Claro que sufrió el dolor, la recuerdo aún rota en el funeral, pero eso no truncó esa alegría innata, esa capacidad de deleitarse con los pequeños detalles de la vida, de ver siempre la bondad en los otros, las buenas intenciones, la belleza. Era pura inocencia. Tanto que a algunos le parecía tonta, imprudente y atrevida.
Creo que en la rama materna de mi familia algunas mujeres inteligentes y sensibles tuvieron que construir una coraza -a veces pintoresca- para sobrellevar la dureza de sus experiencias. Este filtro les hacía probablemente ver la realidad y comportarse de manera muy diferente a los otros, permitiendo entrar y salir solo determinadas emociones. Como si decidieran en algún momento de su vida poner entusiasmo y alegría donde no era nada fácil encontrarlas.

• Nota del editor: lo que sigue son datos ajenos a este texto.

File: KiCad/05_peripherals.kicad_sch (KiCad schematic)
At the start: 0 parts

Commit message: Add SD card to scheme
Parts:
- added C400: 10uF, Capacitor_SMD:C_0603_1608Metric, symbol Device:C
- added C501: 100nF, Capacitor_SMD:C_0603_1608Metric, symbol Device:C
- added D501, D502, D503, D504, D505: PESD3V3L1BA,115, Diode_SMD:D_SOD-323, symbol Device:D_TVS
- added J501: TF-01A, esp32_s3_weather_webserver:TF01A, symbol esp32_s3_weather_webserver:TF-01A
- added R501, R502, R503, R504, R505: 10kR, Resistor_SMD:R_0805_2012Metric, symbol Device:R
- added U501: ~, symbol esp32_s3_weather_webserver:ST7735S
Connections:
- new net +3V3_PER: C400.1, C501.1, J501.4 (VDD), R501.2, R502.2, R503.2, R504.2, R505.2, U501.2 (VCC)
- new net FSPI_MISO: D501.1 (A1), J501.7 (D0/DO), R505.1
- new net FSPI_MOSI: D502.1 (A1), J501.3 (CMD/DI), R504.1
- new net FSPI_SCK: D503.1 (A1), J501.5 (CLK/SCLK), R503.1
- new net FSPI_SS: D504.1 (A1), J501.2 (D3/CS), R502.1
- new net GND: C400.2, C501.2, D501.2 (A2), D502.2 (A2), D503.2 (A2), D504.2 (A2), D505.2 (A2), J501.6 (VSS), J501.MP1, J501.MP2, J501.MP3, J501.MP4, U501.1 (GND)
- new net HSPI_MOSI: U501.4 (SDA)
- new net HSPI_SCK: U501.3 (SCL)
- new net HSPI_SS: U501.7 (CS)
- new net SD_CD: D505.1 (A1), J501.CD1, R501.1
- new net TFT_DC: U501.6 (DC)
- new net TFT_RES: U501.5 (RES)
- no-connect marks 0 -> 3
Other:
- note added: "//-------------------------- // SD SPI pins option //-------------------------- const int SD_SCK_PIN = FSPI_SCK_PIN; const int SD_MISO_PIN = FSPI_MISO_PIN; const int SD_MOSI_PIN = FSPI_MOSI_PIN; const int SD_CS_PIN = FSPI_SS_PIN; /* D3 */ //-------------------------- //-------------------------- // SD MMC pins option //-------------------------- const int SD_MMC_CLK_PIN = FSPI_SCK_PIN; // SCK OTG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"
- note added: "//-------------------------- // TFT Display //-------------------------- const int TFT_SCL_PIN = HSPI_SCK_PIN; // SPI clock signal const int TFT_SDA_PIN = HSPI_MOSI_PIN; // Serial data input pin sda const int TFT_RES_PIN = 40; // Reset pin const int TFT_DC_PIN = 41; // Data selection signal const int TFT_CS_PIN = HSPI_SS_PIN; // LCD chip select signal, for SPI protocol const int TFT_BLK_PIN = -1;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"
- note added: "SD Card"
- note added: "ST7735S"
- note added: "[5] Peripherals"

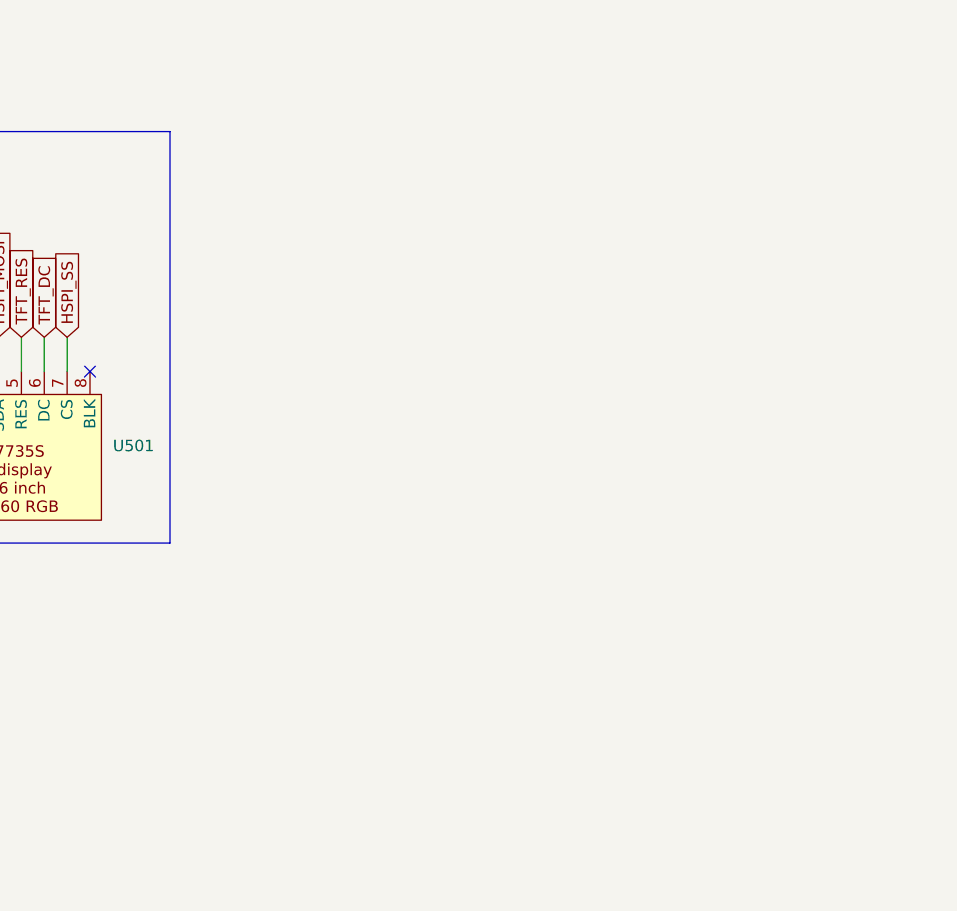
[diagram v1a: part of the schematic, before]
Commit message: Add BME280
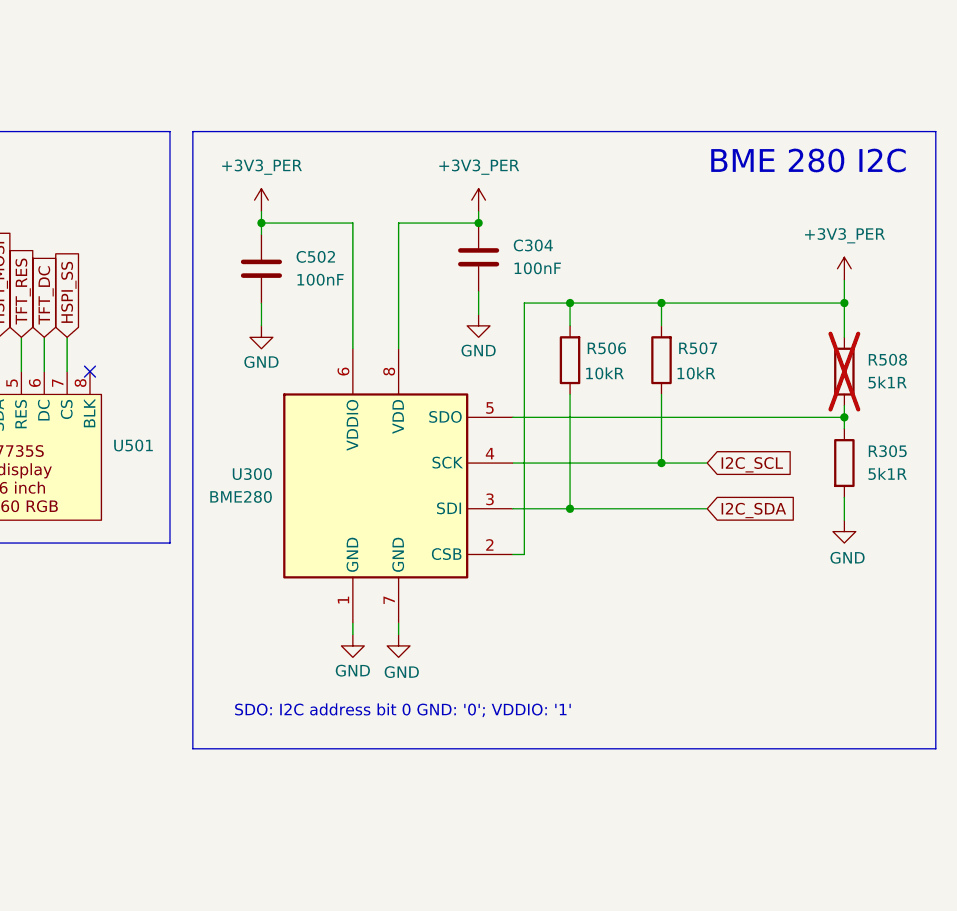
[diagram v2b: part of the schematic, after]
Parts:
- added C304, C502: 100nF, Capacitor_SMD:C_0603_1608Metric, symbol Device:C
- added R305, R508: 5k1R, Resistor_SMD:R_0805_2012Metric, symbol Device:R
- added R506, R507: 10kR, Resistor_SMD:R_0805_2012Metric, symbol Device:R
- added U300: BME280, Package_LGA:Bosch_LGA-8_2.5x2.5mm_P0.65mm_ClockwisePinNumbering, symbol Sensor:BME280
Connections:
- net +3V3_PER: now also C304.1, C502.1, R506.2, R507.2, R508.1, U300.2 (CSB), U300.6 (VDDIO), U300.8 (VDD)
- net GND: now also C304.2, C502.2, R305.2, U300.1 (GND), U300.7 (GND)
- new net: R305.1, R508.2, U300.5 (SDO)
- new net I2C_SCL: R507.1, U300.4 (SCK)
- new net I2C_SDA: R506.1, U300.3 (SDI)
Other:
- note added: "BME 280 I2C"
- note added: "SDO: I2C address bit 0 GND: '0'; VDDIO: '1'"

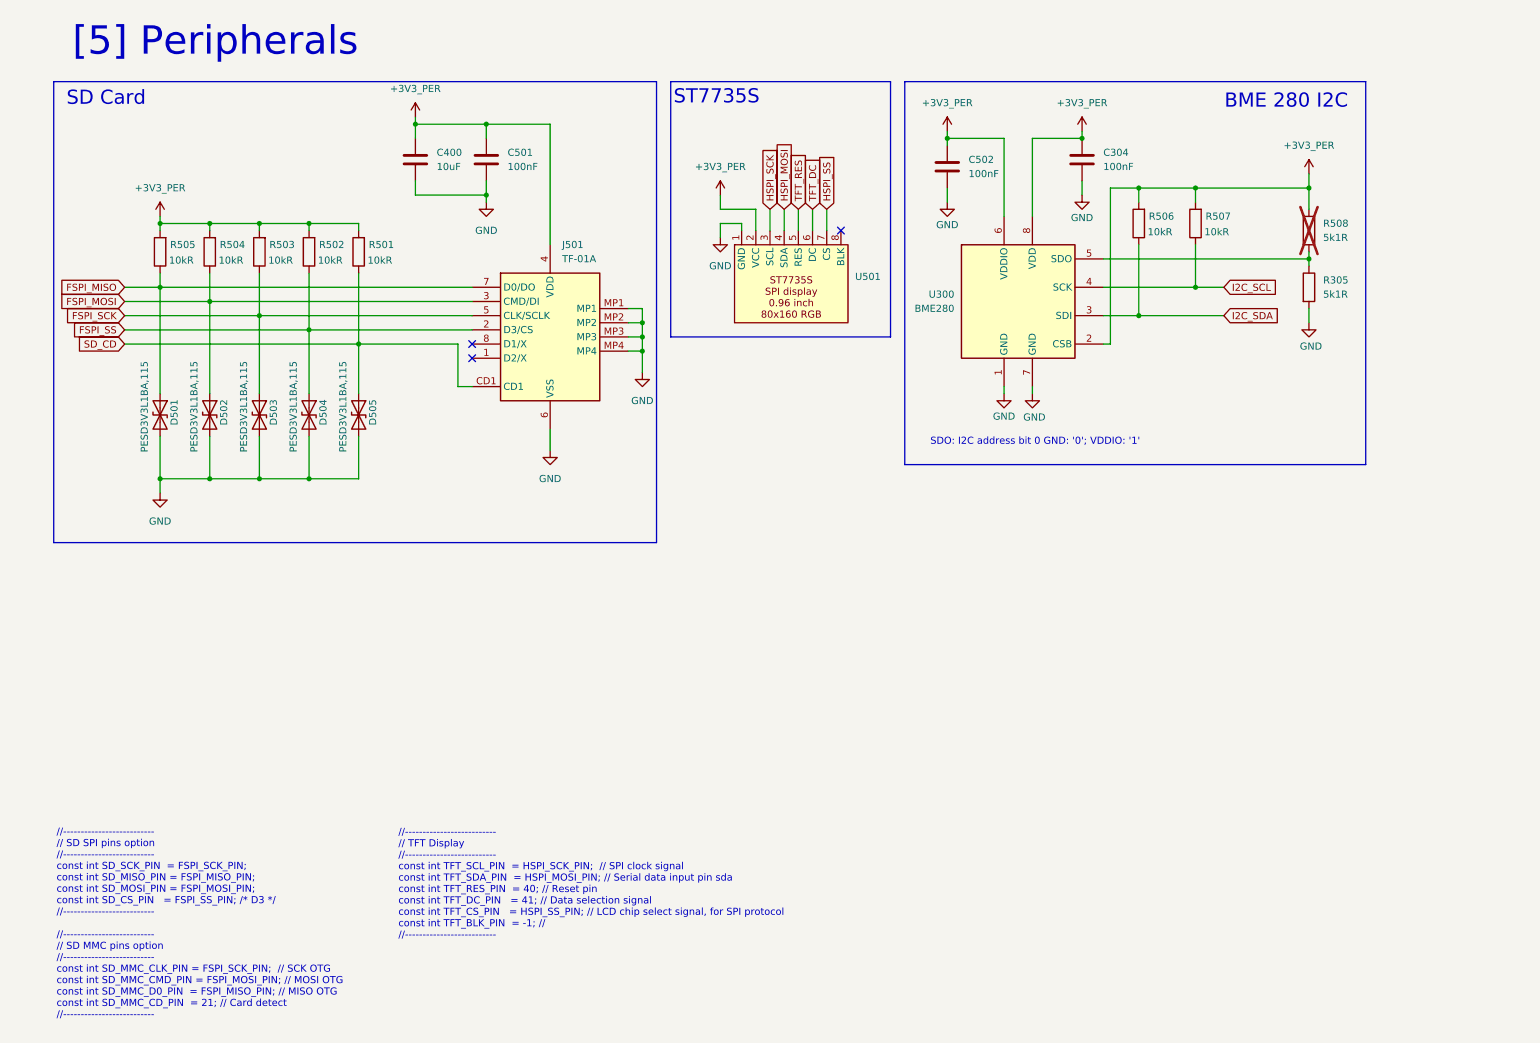
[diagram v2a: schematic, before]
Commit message: Add DS3231
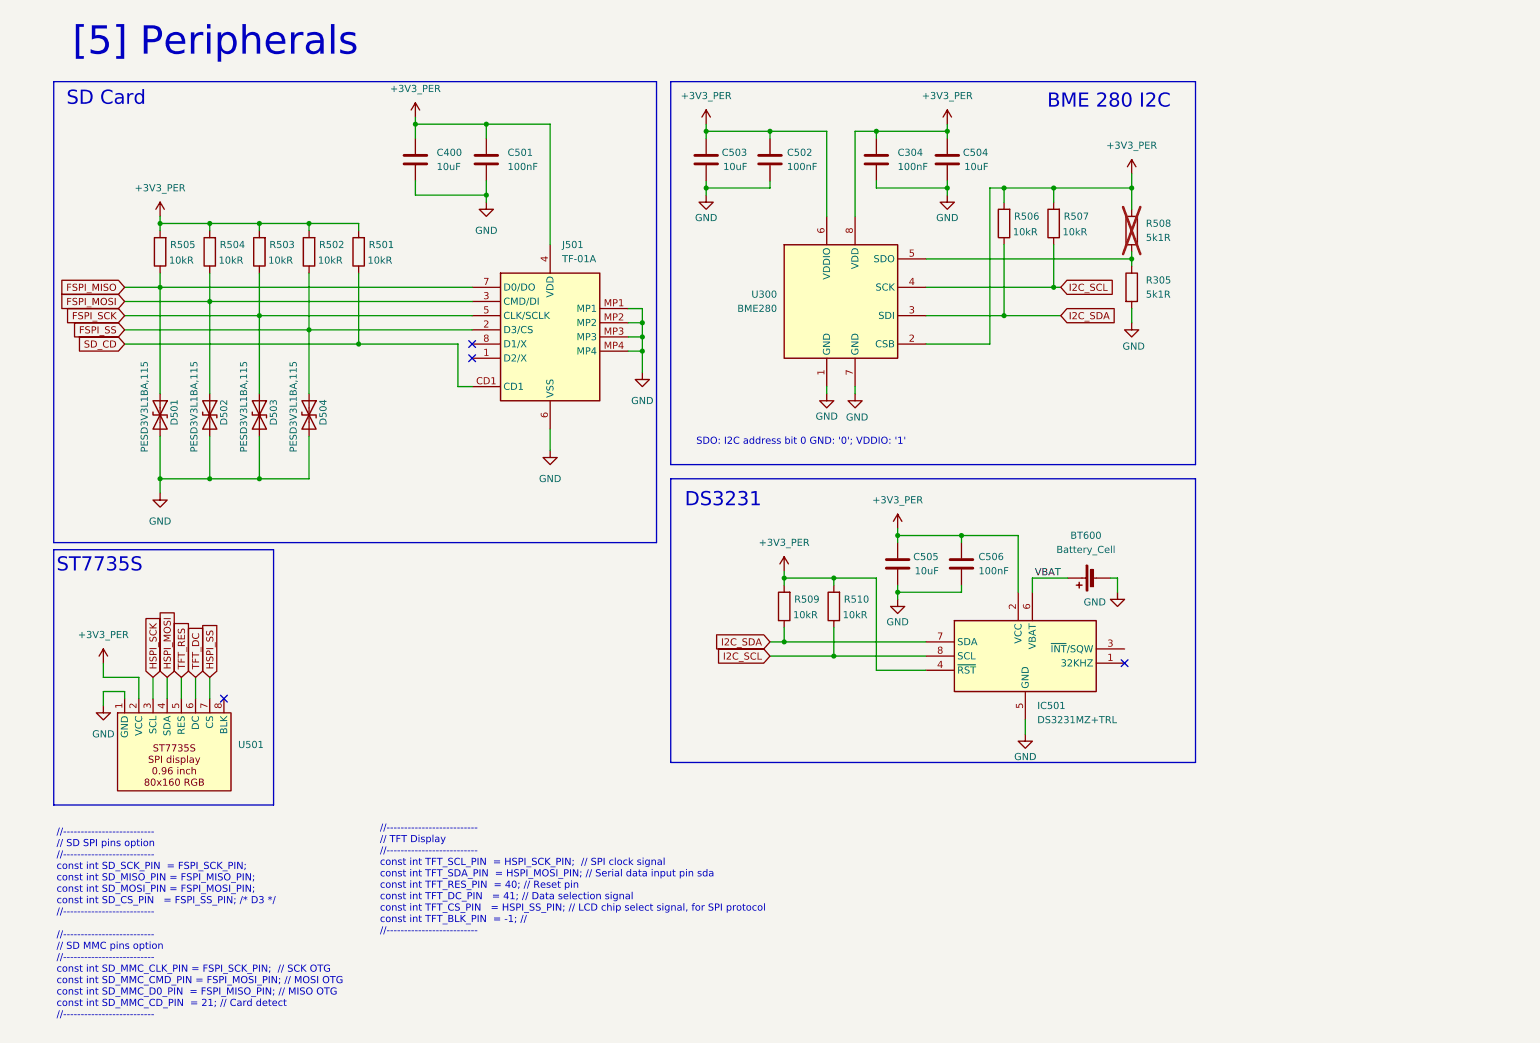
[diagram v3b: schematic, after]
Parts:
- removed D505: PESD3V3L1BA,115, Diode_SMD:D_SOD-323, symbol Device:D_TVS
- added BT600: Battery_Cell, esp32_s3_weather_webserver:CR12202, symbol Device:Battery_Cell
- added C503, C504, C505: 10uF, Capacitor_SMD:C_0603_1608Metric, symbol Device:C
- added C506: 100nF, Capacitor_SMD:C_0603_1608Metric, symbol Device:C
- added IC501: DS3231MZ+TRL, esp32_s3_weather_webserver:SOIC127P600X175-8N, symbol esp32_s3_weather_webserver:DS3231MZ+TRL
- added R509, R510: 10kR, Resistor_SMD:R_0805_2012Metric, symbol Device:R
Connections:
- net +3V3_PER: now also C503.1, C504.1, C505.1, C506.1, IC501.2 (VCC), IC501.4 (~{RST}), R509.2, R510.2
- net GND: now also BT600.2 (-), C503.2, C504.2, C505.2, C506.2, IC501.5 (GND)
- net I2C_SCL: now also IC501.8 (SCL), R510.1
- net I2C_SDA: now also IC501.7 (SDA), R509.1
- new net VBAT: BT600.1 (+), IC501.6 (VBAT)
- no-connect marks 3 -> 4
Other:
- note added: "DS3231"
- moved on the sheet: C304, C502, R305, R506, R507, R508, U300, U501

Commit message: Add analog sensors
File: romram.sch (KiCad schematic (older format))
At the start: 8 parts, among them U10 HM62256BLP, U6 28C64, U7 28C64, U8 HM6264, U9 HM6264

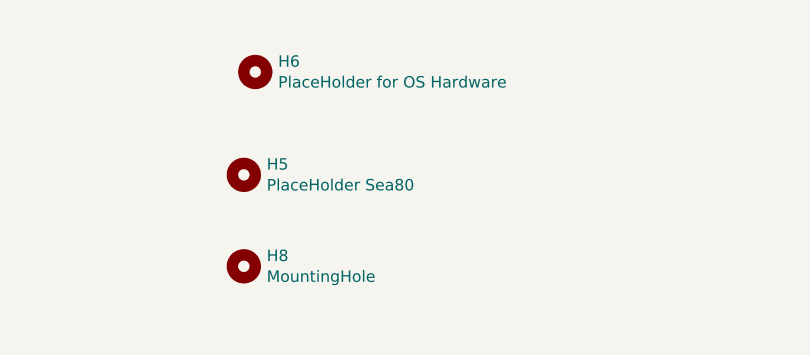
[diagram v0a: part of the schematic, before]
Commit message: Board rerouted. Missing Creative commons
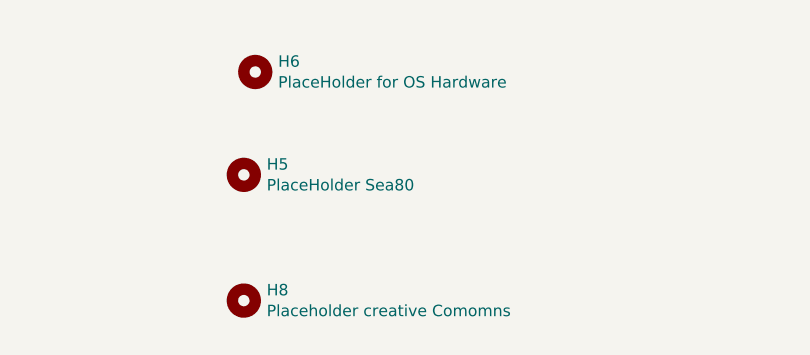
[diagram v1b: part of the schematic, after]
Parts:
- H8: value MountingHole -> Placeholder creative Comomns
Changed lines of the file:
@@
 $Comp
 L Mechanical:MountingHole H8
-U 1 1 6059FCB2
-P 2250 6800
-F 0 "H8" H 2350 6846 50  0000 L CNN
-F 1 "MountingHole" H 2350 6755 50  0000 L CNN
-F 2 "" H 2250 6800 50  0001 C CNN
-F 3 "~" H 2250 6800 50  0001 C CNN
-	1    2250 6800
+U 1 1 60AAEE1C
+P 2250 6950
+F 0 "H8" H 2350 6996 50  0000 L CNN
+F 1 "Placeholder creative Comomns" H 2350 6905 50  0000 L CNN
+F 2 "" H 2250 6950 50  0001 C CNN
+F 3 "~" H 2250 6950 50  0001 C CNN
+	1    2250 6950
 	1    0    0    -1
 $EndComp

Y como amaba todo, la vida le regaló amor también: el de su marido, el de sus hijos. Recibió la dedicación y cuidados de su hija y su yerno que los últimos años de su vida la llevaron a su casa como ya no se usa. Y fueron bastantes años. Desde su viudez vivió sola hasta que una serie de ictus leves le afectaron una parte del cerebro y la devolvieron a su más tierna infancia. Se volvió literalmente una niña: lloraba de emoción cuando alguien iba a verla y lloraba también cuando se marchaban; pedía las cosas con voz impostada como los niños que quieren ganarse con gracias un capricho. Iba a un centro de día al que llamaba el colegio, y pedía que la sacaran de paseo y le compraran un helado como cualquier colegial.
Se fue de manera sencilla, sin aspavientos. Se apagó lentamente como una vela. Emprendió su último viaje ahora que yo emprendí el mío, que seguí su legado, que recogí su regalo. Ella se sacrificó estando sola en Francia y yo vengo precisamente aquí a disfrutar de la soledad. La recuerdo cada vez que veo un vestido floreado, cuando escucho el impenitente “madame” a todas horas, cuando veo a tantos inmigrantes desarraigados.
Ella volvió a casa para poder ser por fin completamente una niña. Yo tuve que marcharme para encontrar a la mía. A aquella niña embelesada con las risas, la espontaneidad, la alegría y los vestidos de flores de mi tía Gertrudis.